WHAT YOU ARE ASKED TO DO: Copy out exactly the lines below that run from the one holding "OFF BEFORE MOVING" to the one holding "- net SPI_MISO: track", keeping both of those lines and no others.

Source data
########
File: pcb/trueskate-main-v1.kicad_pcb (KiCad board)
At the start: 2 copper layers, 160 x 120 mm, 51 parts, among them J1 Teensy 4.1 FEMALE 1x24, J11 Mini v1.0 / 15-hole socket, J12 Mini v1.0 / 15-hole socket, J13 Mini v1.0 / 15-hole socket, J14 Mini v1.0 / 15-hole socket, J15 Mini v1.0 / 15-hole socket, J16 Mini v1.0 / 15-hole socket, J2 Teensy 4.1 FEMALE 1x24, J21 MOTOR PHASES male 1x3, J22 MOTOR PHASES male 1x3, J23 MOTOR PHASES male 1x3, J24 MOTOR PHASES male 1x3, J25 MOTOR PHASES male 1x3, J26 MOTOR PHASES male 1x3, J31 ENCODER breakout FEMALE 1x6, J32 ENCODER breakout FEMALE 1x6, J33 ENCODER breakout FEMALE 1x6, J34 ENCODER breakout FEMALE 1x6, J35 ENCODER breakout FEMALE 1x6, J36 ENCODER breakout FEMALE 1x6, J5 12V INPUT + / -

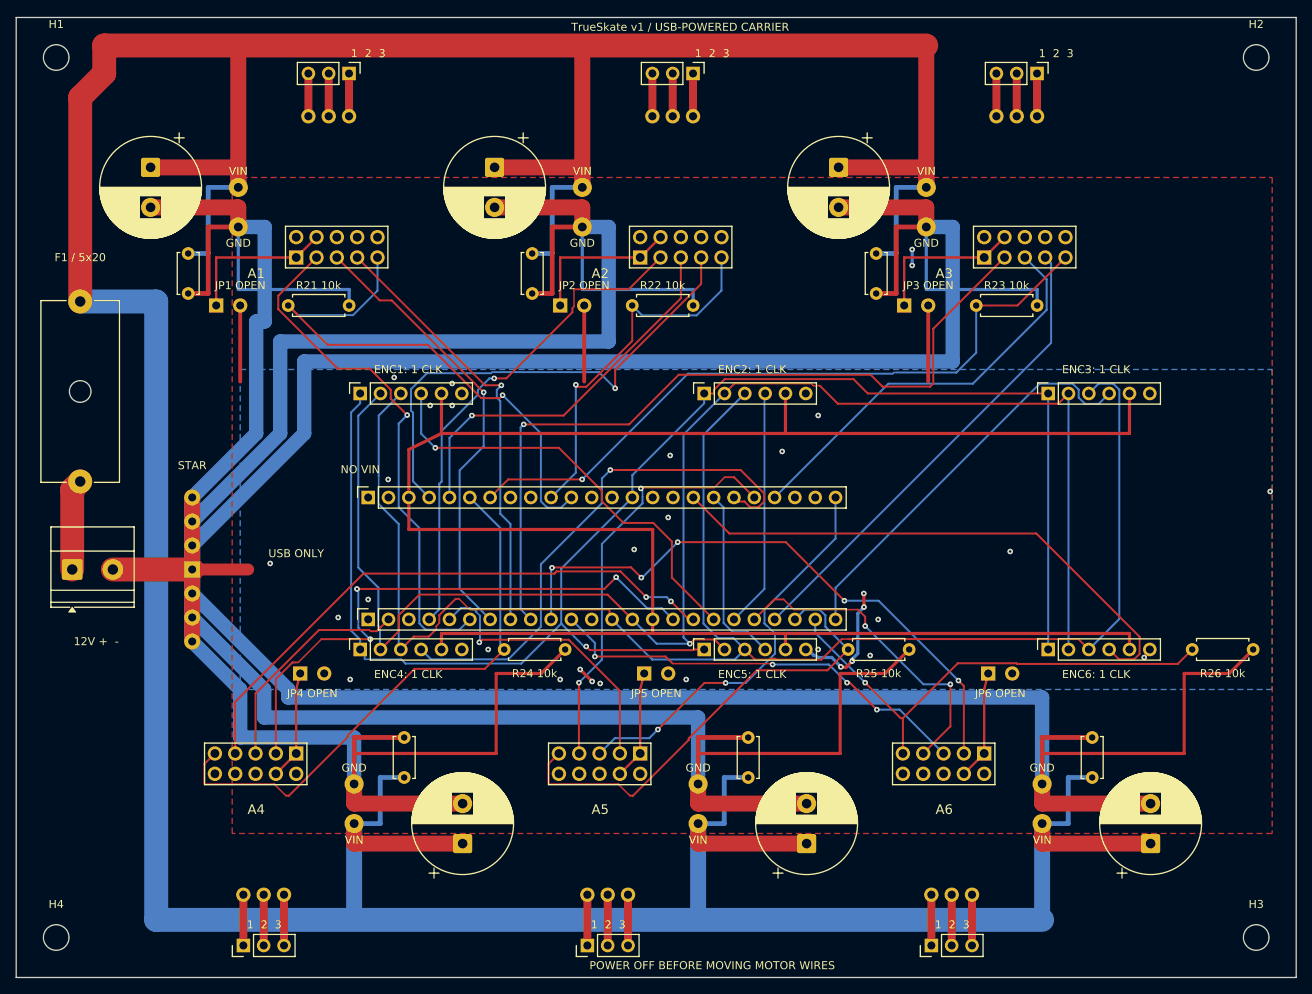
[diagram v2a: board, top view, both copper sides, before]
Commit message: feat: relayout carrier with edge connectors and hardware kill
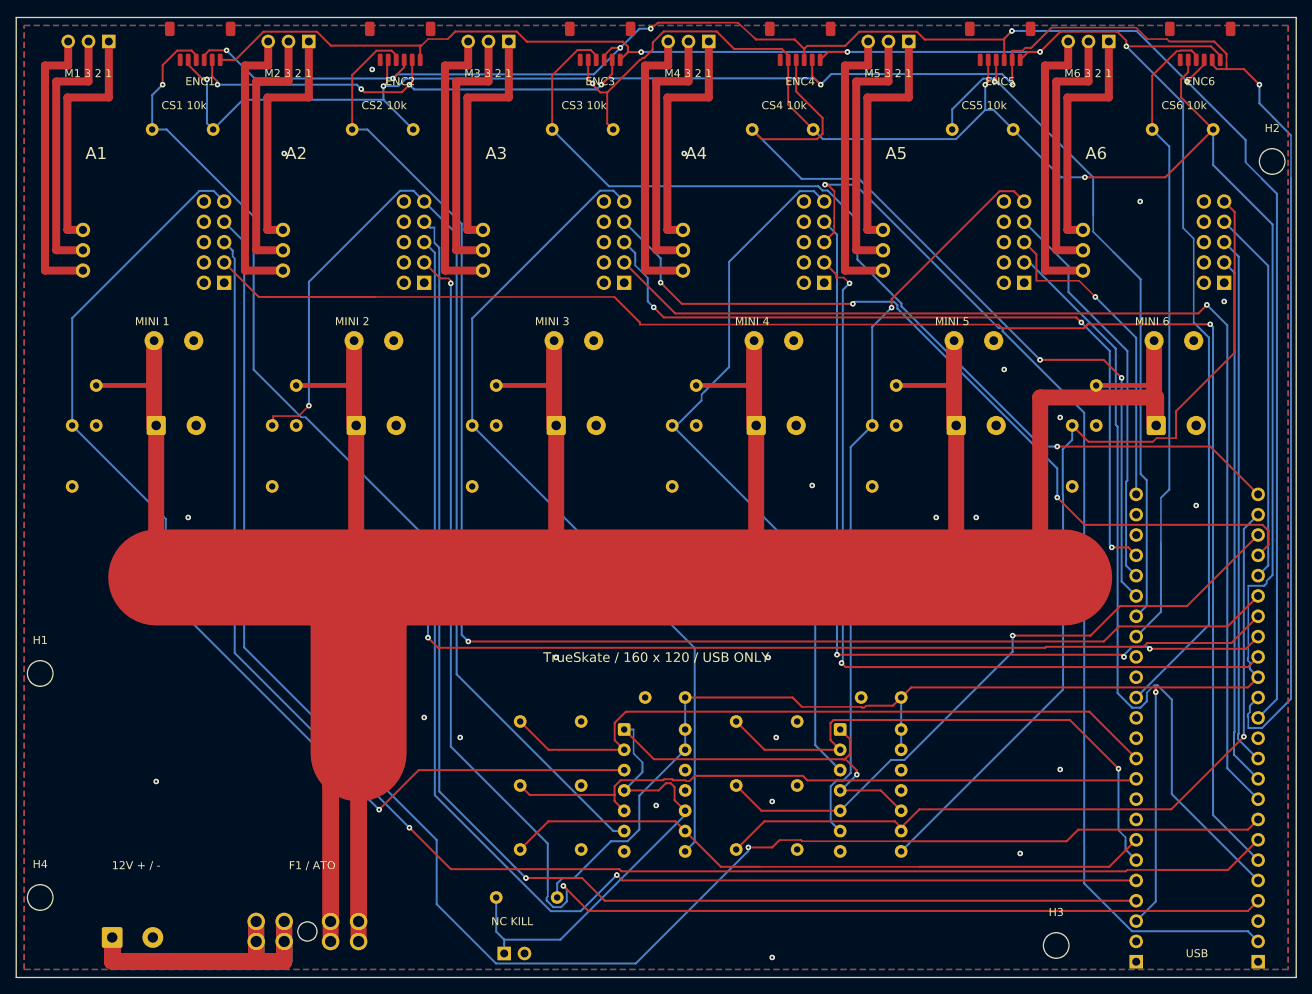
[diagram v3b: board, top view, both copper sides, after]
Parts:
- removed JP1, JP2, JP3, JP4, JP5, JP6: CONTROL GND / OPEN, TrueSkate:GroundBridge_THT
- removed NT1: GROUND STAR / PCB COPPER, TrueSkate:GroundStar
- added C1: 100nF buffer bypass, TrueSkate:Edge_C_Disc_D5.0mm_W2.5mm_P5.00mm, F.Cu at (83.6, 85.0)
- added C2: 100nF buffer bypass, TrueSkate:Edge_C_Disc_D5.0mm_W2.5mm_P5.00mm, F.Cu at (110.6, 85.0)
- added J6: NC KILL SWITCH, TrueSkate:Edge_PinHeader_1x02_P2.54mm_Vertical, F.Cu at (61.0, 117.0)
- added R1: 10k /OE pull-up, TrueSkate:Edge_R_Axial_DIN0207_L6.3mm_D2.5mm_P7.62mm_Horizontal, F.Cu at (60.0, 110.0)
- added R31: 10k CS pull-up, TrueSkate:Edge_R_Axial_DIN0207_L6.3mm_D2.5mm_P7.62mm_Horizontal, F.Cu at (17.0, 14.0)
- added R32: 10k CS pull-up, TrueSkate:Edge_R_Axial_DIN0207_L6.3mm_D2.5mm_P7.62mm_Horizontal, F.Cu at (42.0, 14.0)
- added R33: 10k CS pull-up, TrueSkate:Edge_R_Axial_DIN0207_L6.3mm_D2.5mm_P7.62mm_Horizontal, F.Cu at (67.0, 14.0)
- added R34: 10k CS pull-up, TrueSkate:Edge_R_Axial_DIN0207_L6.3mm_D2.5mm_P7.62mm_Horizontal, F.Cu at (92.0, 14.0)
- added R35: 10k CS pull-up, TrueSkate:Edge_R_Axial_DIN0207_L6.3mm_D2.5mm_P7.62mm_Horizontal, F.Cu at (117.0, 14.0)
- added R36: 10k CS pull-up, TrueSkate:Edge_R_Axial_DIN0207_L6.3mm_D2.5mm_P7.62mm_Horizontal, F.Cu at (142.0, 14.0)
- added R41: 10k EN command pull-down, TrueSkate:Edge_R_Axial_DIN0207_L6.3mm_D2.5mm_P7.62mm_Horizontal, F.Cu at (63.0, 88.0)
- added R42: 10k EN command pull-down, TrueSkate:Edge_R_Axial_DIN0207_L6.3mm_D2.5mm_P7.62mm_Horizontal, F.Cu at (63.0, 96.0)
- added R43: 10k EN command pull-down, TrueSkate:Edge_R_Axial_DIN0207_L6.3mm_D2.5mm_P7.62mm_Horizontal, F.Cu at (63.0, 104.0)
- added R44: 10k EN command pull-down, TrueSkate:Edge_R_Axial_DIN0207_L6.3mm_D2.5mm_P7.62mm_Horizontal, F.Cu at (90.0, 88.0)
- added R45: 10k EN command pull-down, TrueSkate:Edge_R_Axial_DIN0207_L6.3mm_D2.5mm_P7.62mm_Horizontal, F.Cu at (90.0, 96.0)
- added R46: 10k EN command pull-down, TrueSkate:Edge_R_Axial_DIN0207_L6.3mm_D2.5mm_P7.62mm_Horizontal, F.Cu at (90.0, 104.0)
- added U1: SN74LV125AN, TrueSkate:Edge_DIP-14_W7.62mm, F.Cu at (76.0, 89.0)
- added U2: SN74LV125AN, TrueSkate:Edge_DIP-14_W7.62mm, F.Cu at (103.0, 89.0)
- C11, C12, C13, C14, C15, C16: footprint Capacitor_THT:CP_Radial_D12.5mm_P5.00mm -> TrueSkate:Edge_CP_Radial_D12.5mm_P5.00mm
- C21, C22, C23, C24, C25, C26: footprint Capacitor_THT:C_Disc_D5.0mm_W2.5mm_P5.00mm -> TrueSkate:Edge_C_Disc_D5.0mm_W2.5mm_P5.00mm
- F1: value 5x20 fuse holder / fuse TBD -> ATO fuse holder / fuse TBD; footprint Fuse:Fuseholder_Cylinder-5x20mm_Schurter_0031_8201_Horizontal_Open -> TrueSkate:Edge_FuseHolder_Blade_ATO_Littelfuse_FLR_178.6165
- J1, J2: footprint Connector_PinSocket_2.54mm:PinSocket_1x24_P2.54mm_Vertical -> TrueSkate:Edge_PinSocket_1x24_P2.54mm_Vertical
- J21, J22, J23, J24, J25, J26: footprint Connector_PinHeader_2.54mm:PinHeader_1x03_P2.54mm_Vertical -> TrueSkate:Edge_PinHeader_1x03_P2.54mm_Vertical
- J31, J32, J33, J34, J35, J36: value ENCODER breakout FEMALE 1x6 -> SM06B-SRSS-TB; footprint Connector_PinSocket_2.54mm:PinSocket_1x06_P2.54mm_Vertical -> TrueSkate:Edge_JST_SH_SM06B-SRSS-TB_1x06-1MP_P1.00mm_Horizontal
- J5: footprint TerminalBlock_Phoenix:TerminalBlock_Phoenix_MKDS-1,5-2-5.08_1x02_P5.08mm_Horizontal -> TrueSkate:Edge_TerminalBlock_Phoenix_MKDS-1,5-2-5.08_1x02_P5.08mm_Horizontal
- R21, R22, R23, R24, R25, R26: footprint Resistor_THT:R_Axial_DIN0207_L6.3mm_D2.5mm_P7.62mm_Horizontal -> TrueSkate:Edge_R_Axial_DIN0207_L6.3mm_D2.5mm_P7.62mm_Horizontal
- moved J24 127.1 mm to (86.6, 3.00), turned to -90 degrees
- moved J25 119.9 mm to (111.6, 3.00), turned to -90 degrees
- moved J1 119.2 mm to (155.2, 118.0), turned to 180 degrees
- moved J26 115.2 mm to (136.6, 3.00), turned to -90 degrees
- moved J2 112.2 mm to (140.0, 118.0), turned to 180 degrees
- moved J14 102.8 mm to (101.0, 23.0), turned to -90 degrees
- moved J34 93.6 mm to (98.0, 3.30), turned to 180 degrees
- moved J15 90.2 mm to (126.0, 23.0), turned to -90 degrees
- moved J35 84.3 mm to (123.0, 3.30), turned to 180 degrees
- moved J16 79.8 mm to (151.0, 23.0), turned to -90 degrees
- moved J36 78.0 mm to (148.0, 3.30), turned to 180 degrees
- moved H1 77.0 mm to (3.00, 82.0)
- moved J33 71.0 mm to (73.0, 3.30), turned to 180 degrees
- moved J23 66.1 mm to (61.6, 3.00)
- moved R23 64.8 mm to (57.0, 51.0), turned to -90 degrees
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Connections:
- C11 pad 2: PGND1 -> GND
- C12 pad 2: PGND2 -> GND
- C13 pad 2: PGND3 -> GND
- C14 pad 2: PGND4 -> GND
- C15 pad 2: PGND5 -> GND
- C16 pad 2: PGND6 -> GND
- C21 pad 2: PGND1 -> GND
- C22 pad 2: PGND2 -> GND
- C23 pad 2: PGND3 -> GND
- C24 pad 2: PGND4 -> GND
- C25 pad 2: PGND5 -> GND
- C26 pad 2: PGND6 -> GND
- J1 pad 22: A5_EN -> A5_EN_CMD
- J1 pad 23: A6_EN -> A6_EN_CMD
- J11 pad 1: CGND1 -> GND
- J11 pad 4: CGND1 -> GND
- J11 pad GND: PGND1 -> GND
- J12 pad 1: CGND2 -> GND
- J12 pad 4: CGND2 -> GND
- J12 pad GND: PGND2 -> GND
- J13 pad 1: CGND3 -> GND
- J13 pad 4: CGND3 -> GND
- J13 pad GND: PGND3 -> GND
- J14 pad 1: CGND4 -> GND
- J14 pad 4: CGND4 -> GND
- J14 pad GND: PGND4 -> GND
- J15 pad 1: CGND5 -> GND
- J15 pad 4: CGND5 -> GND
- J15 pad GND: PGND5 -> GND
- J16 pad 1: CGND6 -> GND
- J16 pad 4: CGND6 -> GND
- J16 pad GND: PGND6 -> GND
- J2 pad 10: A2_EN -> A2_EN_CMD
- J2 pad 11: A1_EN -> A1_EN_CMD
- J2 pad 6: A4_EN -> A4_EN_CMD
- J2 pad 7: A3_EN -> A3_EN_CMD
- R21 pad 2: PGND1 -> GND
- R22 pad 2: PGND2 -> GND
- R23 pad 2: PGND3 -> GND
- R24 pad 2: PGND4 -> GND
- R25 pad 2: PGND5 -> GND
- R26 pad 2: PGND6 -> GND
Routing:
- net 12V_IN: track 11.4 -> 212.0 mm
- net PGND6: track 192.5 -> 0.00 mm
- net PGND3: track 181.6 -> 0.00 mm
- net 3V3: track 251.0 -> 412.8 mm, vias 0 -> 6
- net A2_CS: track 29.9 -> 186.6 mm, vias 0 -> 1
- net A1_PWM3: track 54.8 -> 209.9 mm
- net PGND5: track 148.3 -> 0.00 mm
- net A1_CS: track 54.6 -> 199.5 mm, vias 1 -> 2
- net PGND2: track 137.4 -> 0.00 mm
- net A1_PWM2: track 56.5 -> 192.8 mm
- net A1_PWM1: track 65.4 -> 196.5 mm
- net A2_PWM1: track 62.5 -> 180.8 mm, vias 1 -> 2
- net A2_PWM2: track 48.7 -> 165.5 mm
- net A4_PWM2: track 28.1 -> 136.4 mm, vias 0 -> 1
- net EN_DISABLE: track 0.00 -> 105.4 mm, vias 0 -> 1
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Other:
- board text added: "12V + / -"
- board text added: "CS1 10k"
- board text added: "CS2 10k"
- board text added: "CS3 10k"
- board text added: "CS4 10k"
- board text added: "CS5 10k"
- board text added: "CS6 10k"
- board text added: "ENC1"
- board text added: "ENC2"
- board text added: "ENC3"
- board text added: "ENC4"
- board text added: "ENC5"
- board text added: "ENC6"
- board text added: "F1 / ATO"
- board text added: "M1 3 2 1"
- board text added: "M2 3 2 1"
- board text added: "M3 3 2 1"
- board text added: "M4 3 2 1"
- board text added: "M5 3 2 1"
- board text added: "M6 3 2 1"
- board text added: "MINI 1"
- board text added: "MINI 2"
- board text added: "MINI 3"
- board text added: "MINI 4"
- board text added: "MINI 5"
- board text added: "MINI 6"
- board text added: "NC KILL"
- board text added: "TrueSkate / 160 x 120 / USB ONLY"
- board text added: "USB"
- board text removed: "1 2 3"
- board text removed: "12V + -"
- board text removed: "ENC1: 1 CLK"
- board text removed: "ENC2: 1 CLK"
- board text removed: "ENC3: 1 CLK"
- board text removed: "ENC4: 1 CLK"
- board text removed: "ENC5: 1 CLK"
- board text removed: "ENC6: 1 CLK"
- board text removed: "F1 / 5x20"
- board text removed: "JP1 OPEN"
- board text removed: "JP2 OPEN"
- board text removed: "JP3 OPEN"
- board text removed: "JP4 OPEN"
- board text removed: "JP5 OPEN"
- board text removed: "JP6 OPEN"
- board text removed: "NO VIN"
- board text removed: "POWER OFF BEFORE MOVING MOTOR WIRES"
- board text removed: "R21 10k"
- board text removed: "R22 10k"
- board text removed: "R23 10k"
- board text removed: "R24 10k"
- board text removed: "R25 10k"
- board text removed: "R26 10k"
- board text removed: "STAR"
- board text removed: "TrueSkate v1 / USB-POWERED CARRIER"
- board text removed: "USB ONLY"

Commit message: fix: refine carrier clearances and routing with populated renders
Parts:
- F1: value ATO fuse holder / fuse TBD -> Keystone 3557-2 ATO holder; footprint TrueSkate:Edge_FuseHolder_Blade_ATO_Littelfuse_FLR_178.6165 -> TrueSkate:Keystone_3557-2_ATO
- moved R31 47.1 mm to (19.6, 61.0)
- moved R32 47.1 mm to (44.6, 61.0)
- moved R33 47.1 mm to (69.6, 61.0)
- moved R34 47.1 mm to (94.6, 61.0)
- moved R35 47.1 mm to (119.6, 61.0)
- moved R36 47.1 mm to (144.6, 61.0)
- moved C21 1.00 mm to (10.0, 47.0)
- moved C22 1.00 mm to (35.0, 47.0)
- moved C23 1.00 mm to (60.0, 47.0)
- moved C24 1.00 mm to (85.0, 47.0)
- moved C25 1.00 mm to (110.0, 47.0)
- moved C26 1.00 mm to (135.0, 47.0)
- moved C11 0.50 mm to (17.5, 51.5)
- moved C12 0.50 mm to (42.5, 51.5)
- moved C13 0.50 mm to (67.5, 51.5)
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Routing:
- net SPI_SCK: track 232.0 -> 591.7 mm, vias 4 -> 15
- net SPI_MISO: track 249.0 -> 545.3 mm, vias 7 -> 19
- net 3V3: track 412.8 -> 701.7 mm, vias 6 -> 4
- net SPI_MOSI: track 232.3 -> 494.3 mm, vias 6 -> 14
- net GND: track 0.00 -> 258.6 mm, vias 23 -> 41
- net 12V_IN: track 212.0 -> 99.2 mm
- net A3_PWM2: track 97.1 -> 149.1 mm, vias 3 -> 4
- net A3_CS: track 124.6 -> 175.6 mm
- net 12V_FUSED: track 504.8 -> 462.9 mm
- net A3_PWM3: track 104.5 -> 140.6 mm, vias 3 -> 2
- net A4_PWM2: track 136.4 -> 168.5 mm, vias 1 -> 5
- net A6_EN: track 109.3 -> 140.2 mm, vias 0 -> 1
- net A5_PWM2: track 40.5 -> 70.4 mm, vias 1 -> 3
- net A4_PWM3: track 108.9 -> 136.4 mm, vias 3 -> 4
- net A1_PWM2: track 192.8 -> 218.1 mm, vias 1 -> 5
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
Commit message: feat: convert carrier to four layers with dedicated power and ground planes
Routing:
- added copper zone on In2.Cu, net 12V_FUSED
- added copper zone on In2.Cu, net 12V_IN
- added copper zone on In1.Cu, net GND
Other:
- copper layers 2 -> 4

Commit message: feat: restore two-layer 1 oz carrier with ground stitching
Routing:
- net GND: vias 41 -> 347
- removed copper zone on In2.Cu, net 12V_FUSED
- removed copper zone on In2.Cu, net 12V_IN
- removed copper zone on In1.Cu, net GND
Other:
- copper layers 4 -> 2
########
ANSWER TO THIS PROBLEM:
- board text removed: "POWER OFF BEFORE MOVING MOTOR WIRES"
- board text removed: "R21 10k"
- board text removed: "R22 10k"
- board text removed: "R23 10k"
- board text removed: "R24 10k"
- board text removed: "R25 10k"
- board text removed: "R26 10k"
- board text removed: "STAR"
- board text removed: "TrueSkate v1 / USB-POWERED CARRIER"
- board text removed: "USB ONLY"

Commit message: fix: refine carrier clearances and routing with populated renders
Parts:
- F1: value ATO fuse holder / fuse TBD -> Keystone 3557-2 ATO holder; footprint TrueSkate:Edge_FuseHolder_Blade_ATO_Littelfuse_FLR_178.6165 -> TrueSkate:Keystone_3557-2_ATO
- moved R31 47.1 mm to (19.6, 61.0)
- moved R32 47.1 mm to (44.6, 61.0)
- moved R33 47.1 mm to (69.6, 61.0)
- moved R34 47.1 mm to (94.6, 61.0)
- moved R35 47.1 mm to (119.6, 61.0)
- moved R36 47.1 mm to (144.6, 61.0)
- moved C21 1.00 mm to (10.0, 47.0)
- moved C22 1.00 mm to (35.0, 47.0)
- moved C23 1.00 mm to (60.0, 47.0)
- moved C24 1.00 mm to (85.0, 47.0)
- moved C25 1.00 mm to (110.0, 47.0)
- moved C26 1.00 mm to (135.0, 47.0)
- moved C11 0.50 mm to (17.5, 51.5)
- moved C12 0.50 mm to (42.5, 51.5)
- moved C13 0.50 mm to (67.5, 51.5)
Routing:
- net SPI_SCK: track 232.0 -> 591.7 mm, vias 4 -> 15
- net SPI_MISO: track 249.0 -> 545.3 mm, vias 7 -> 19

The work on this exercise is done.